My personal hero is Sir Alexander Fleming, the scientist famous for saving 200 million lives. It was his play ethic that drove the discovery of Penicillin. The image of a man with furrowed brow focused on test tubes and lab reports just isn’t accurate. In truth, he was “painting” with germ samples. For fun. Penicillin was an accidental discovery as he tried to generate new colors for his artwork.
Years ago, I was a school teacher. Like Fleming, my students thought, solved problems, wrote and designed like artists— out of their seats and away from their desks—with permission to engage hands and hearts in the process of learning.
My approach was unusual in an educational system that was designed at the turn of the century to churn out factory workers.
Seth Godin, enterpreneur, speaker and best selling author blames our schools for what he sees as “…the greatest shortage in our society — [an] instinct to produce. To create solutions and hustle them out the door. To touch the humanity inside and connect to the humans in the marketplace.”
I saw with my own eyes how the overemphasis on test preparation erodes curiosity and handicaps the natural ability to innovate. Godin calls its unfortunate byproduct a “compliance surplus” in the world of business.
Now, my mission is to apply my discovery play techniques to foster creative vision, initiative and leadership at every level of the corporate structure.

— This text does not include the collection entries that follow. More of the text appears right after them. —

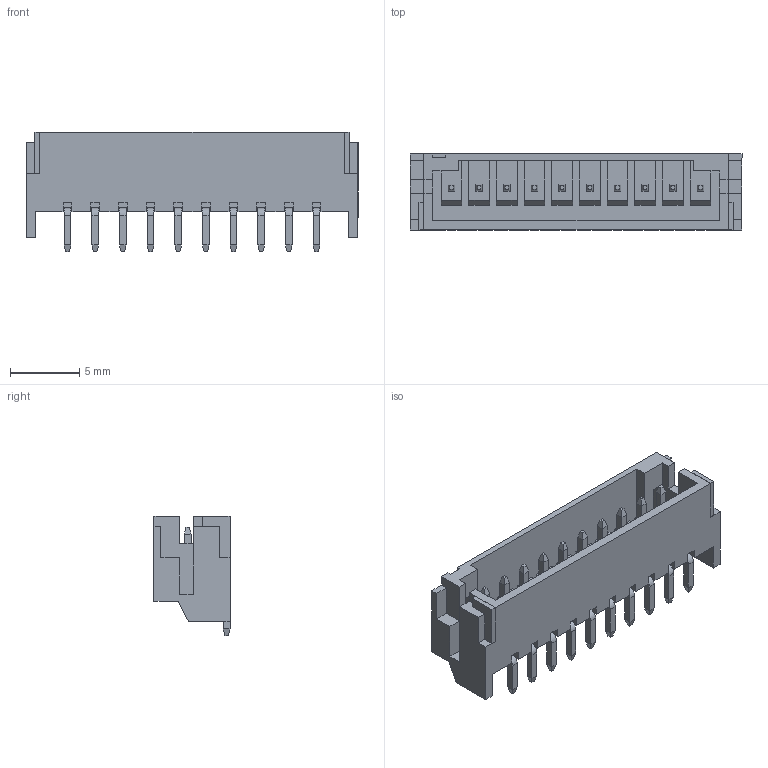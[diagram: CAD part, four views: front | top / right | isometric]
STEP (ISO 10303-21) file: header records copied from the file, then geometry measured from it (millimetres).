
FILE_DESCRIPTION (( 'STEP AP203' ), '1' );
FILE_NAME ('140-510-417-060.STEP', '2020-03-31T20:23:18', ( '' ), ( '' ), 'SwSTEP 2.0', 'SolidWorks 2016', '' );
FILE_SCHEMA (( 'CONFIG_CONTROL_DESIGN' ));
Length unit declared in the file: millimetre
Products named in the file (4): RA SMT Housing_510; RA SMT Contact; RA SMT Pad; 140-510-417-060
Assembly tree (13 placements, depth 2):
  140-510-417-060
    RA SMT Housing_510
    RA SMT Contact  x10
    RA SMT Pad  x2
Bounding box: 24 x 5.5 x 8.65 mm (x, y, z)
Volume: 327.7 mm3; surface area: 1235 mm2
Topology: 13 solids, 13 shells, 540 faces, 1312 edges, 794 vertices
Faces by surface type: plane 500, cylinder 40
Entity records: 9226 total; most frequent: CARTESIAN_POINT 1538, ORIENTED_EDGE 1520, DIRECTION 1328, EDGE_CURVE 760, LINE 752, VECTOR 752, VERTEX_POINT 498, AXIS2_PLACEMENT_3D 288

In my custom designed workshops, events, experiences and office cultures, adults re-discover their kindergarten selves before their crayons were taken away. They develop agility and resilience in the face of rapid change. They learn to disrupt old patterns. Think in new ways. Loosen their grip on old stories and create new ones. They become innovators, designers, influencers, storytellers and change makers once again.
Here at Play Buffet, I share snapshots of discovery play at home, in the marketplace and at work.